Miles has the ball knocked out of bounds, portland still with it

Damon with a long 2, no good.

Kobe the rebound

George misses a shot, Shaq the rebound and put back

43-29 Portland

Malone steals the ball, to Shaq, 

George with the dunk BLOCKED BY RATLIFF!

Officials rule a goal tend, basket counts

43-31 Portland

Patterson's shot blocked out of bounds by Oneal, 24 second violation on Portland

Randolph and Anderson back in for Patterson and SAR for Portland.

Malone shots an airball 20 footer, Payton saves it to Miles.

Miles is fouled by George

Anderson misses a 3, Lakers the Rebound

Oneal throws it out of bounds, 11 TOs on LA.

Miles Crosses George over and floats it in!

45-31 Portland 3:30 left first half

Shaq throws it away!

Miles behind the back to Damon for the Lay up!

47-31 Portland

Kobe pulls up with a jumper, No good,

Shaq called for a push off

Davis in for Theo.

Damon misses a double pump, Lakers the rebound

Kobe with a huge dunk! And a late foul call on Miles!

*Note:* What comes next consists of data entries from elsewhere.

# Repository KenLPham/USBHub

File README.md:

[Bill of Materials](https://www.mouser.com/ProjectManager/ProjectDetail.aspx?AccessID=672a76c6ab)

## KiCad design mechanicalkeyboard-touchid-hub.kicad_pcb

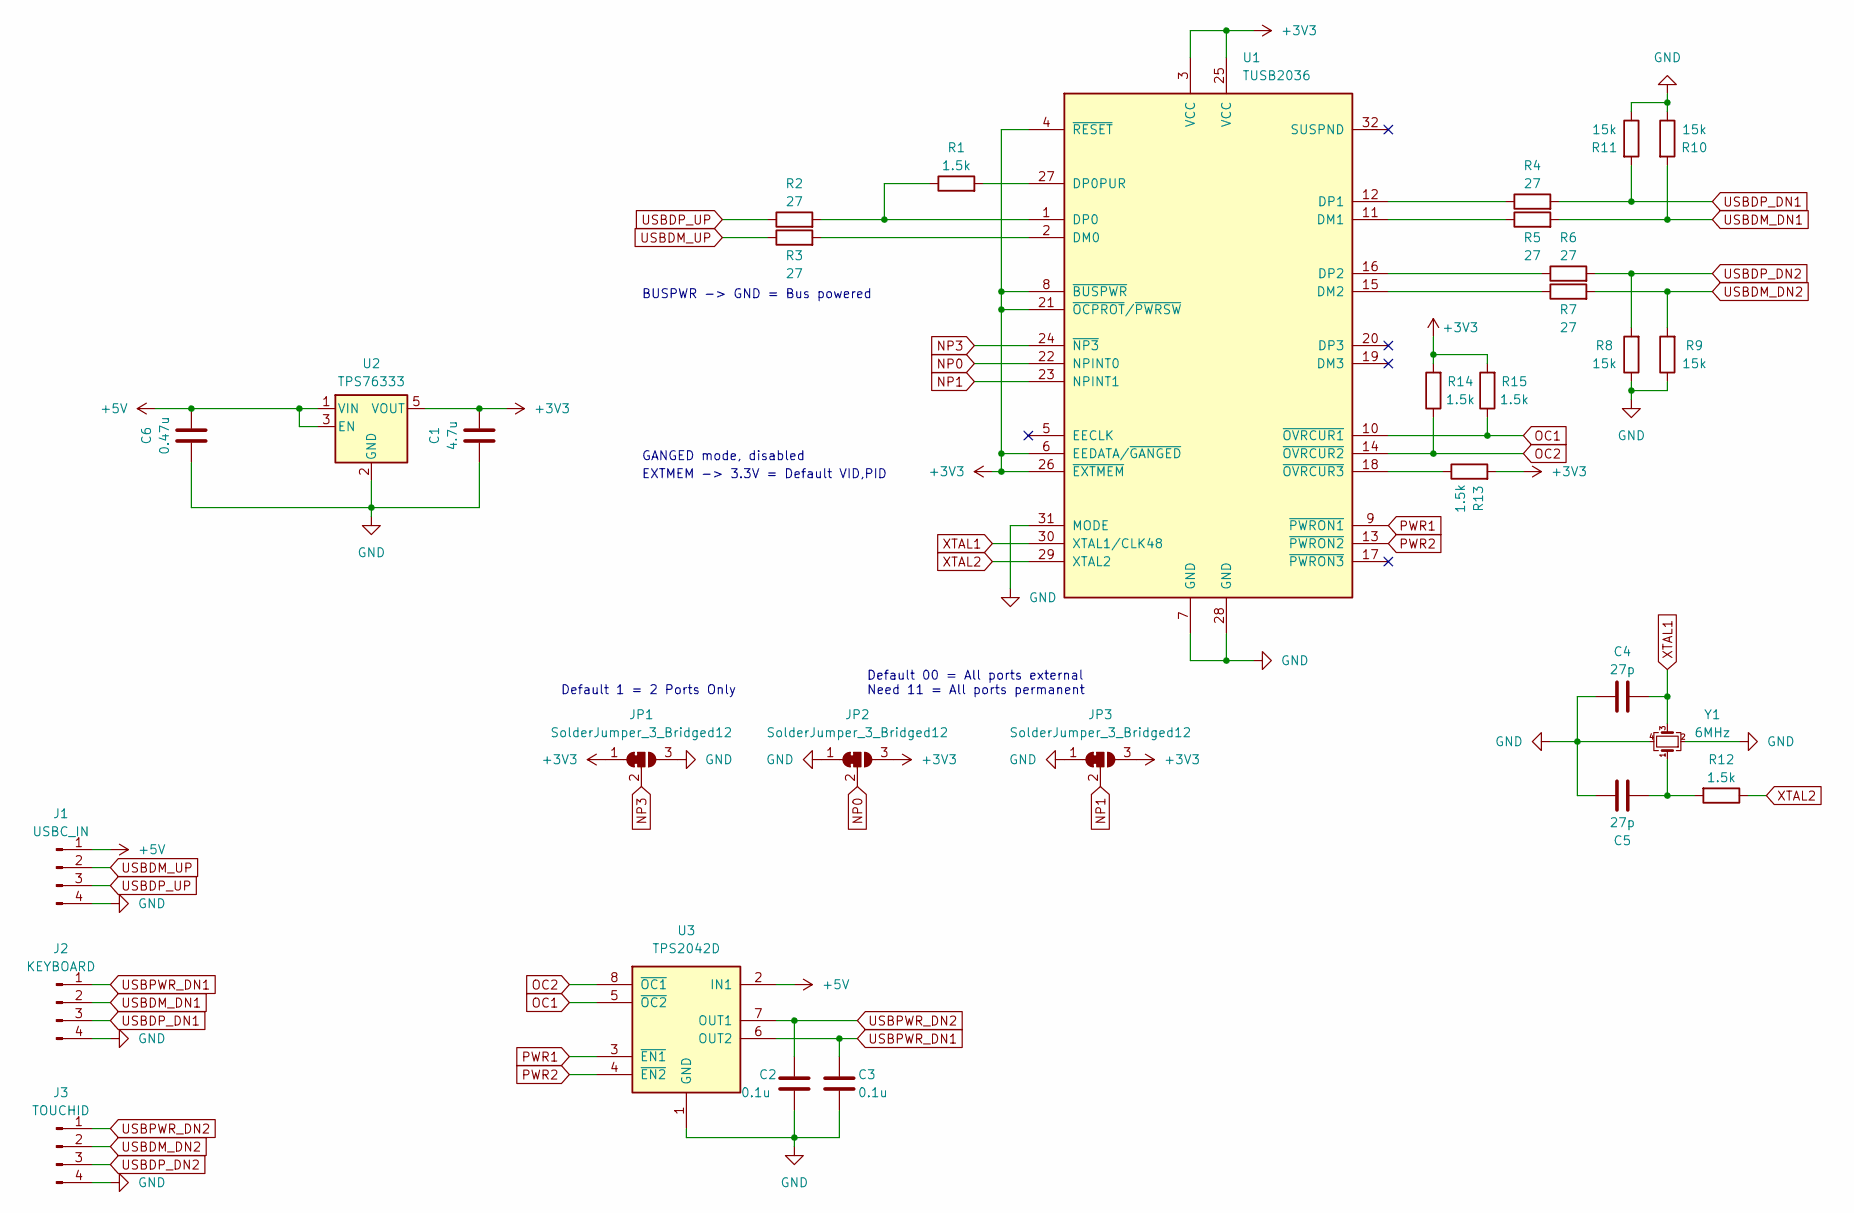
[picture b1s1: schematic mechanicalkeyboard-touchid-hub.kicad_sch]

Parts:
C1: 4.7u; C_0603_1608Metric_Pad1.08x0.95mm_HandSolder
C2, C3: 0.1u; C_0603_1608Metric_Pad1.08x0.95mm_HandSolder
C4, C5: 27p; C_0603_1608Metric_Pad1.08x0.95mm_HandSolder
C6: 0.47u; C_0603_1608Metric_Pad1.08x0.95mm_HandSolder
J1: USBC_IN; SolderWire-0.1sqmm_1x04_P3.6mm_D0.4mm_OD1mm
J2: KEYBOARD; SolderWire-0.1sqmm_1x04_P3.6mm_D0.4mm_OD1mm
J3: TOUCHID; SolderWire-0.1sqmm_1x04_P3.6mm_D0.4mm_OD1mm
JP1, JP2, JP3: SolderJumper_3_Bridged12; SolderJumper-3_P1.3mm_Bridged12_Pad1.0x1.5mm_NumberLabels
R1, R12, R13, R14, R15: 1.5k; R_0603_1608Metric_Pad0.98x0.95mm_HandSolder
R2, R3, R4, R5, R6, R7: 27; R_0603_1608Metric_Pad0.98x0.95mm_HandSolder
R8, R9, R10, R11: 15k; R_0603_1608Metric_Pad0.98x0.95mm_HandSolder
U1: TUSB2036; LQFP-32_7x7mm_P0.8mm
U2: TPS76333; SOT-23-5
U3: TPS2042D; SOIC-8_3.9x4.9mm_P1.27mm
Y1: 6MHz; Crystal_SMD_7050-4Pin_7.0x5.0mm

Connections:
+3V3: C1.1, JP1.1 (A), JP2.3 (B), JP3.3 (B), R13.2, R14.2, R15.2, U1.3 (VCC), U1.4 (~RESET), U1.6 (EEDATA/~GANGED), U1.8 (~BUSPWR), U1.21 (~OCPROT/~PWRSW), U1.25 (VCC), U1.26 (~EXTMEM), U2.5 (VOUT)
+5V: C6.2, J1.1, U2.1 (VIN), U2.3 (EN), U3.2 (IN1)
GND: C1.2, C2.2, C3.2, C4.1, C5.1, C6.1, J1.4, J2.4, J3.4, JP1.3 (B), JP2.1 (A), JP3.1 (A), R8.1, R9.1, R10.1, R11.1, U1.7 (GND), U1.28 (GND), U1.31 (MODE), U2.2 (GND), U3.1 (GND), Y1.2, Y1.4
NP0: JP2.2 (C), U1.22 (NPINT0)
NP1: JP3.2 (C), U1.23 (NPINT1)
NP3: JP1.2 (C), U1.24 (~NP3)
unnamed: C5.2, R12.2, Y1.1
unnamed: R3.2, U1.2 (DM0)
unnamed: R5.1, U1.11 (DM1)
unnamed: R7.1, U1.15 (DM2)
unnamed: R1.1, R2.2, U1.1 (DP0)
unnamed: R1.2, U1.27 (DP0PUR)
unnamed: R4.1, U1.12 (DP1)
unnamed: R6.1, U1.16 (DP2)
unnamed: R13.1, U1.18 (~OVRCUR3)
OC1: R15.1, U1.10 (~OVRCUR1), U3.5 (~OC2)
OC2: R14.1, U1.14 (~OVRCUR2), U3.8 (~OC1)
PWR1: U1.9 (~PWRON1), U3.3 (~EN1)
PWR2: U1.13 (~PWRON2), U3.4 (~EN2)
USBDM_DN1: J2.2, R5.2, R10.2
USBDM_DN2: J3.2, R7.2, R9.2
USBDM_UP: J1.2, R3.1
USBDP_DN1: J2.3, R4.2, R11.2
USBDP_DN2: J3.3, R6.2, R8.2
USBDP_UP: J1.3, R2.1
USBPWR_DN1: C3.1, J2.1, U3.6 (OUT2)
USBPWR_DN2: C2.1, J3.1, U3.7 (OUT1)
XTAL1: C4.2, U1.30 (XTAL1/CLK48), Y1.3
XTAL2: R12.1, U1.29 (XTAL2)

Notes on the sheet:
Default 1 = 2 Ports Only
GANGED mode, disabled
Default 00 = All ports external Need 11 = All ports permanent
BUSPWR -> GND = Bus powered
EXTMEM -> 3.3V = Default VID,PID

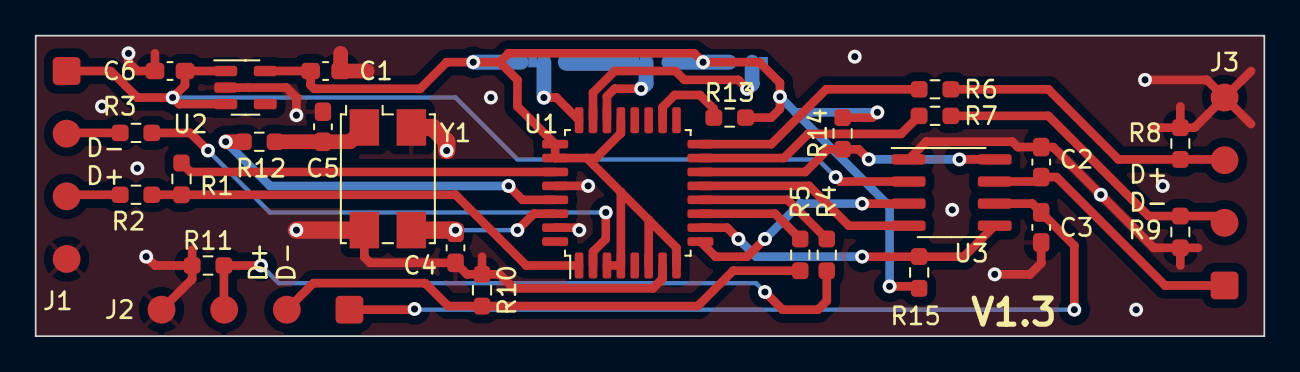
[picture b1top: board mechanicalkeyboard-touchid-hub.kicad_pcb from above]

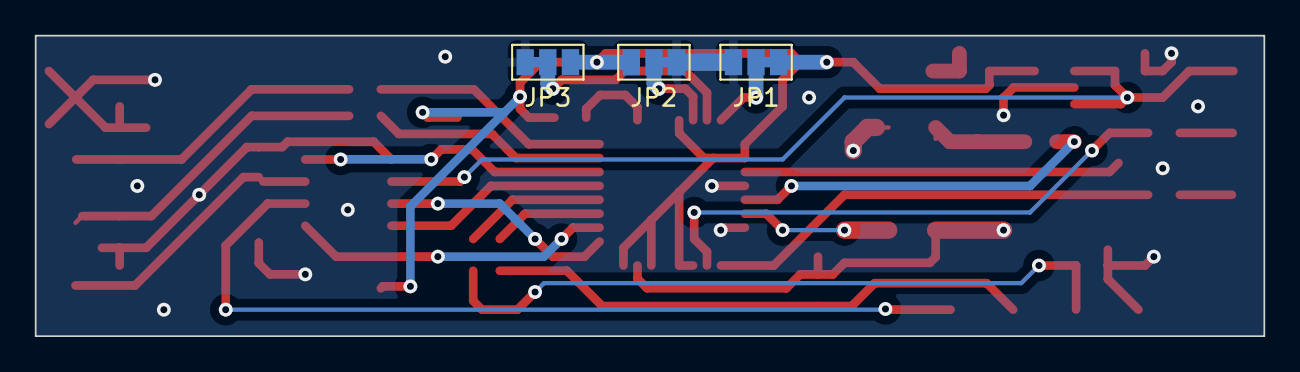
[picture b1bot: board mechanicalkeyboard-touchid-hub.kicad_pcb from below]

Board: 2 copper layers, 70.6 x 17.3 mm, 31 parts (3 on the bottom side), 29 nets.

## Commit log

2024-05-10 Create README.md
    Add BOM

2:32 47-33 Portland, Kobe shooting free throws after a portland Time out


----------



## HallOfFamer (May 26, 2003)

George to Ratliff facial wouldve been better had that ball not hit Theos shoulder, but the Kobe to Miles facial was nice. Other than that, Lakers are playing like crap, Blazers are playing great.


----------



## Dan (Dec 30, 2002)

> Originally posted by <b>HallOfFamer</b>!
> George to Ratliff facial wouldve been better had that ball not hit Theos shoulder, but the Kobe to Miles facial was nice. Other than that, Lakers are playing like crap, Blazers are playing great.


don't worry, the Blazers will "let" the Lakers back in before the games over. Hell, maybe the half.:upset:


----------



## Nightfly (Sep 24, 2002)

Kobe shooting one FT for a 3 point

Kobe hits the FT. LA 4-7 from the foul line

Zach drives on Malone and flips it in! 12 points for Randolph

49-34 Portland

LA shoots, misses, Blazers the rebound

Miles throws it away, Portland's 11th Turn over

Miles out, Patterson back in

Fisher in for George for LA.

Payton lays it up, Blocked by Dale Davis!

Randolph against malone, Zach travelles, 12th Turnover on Portland.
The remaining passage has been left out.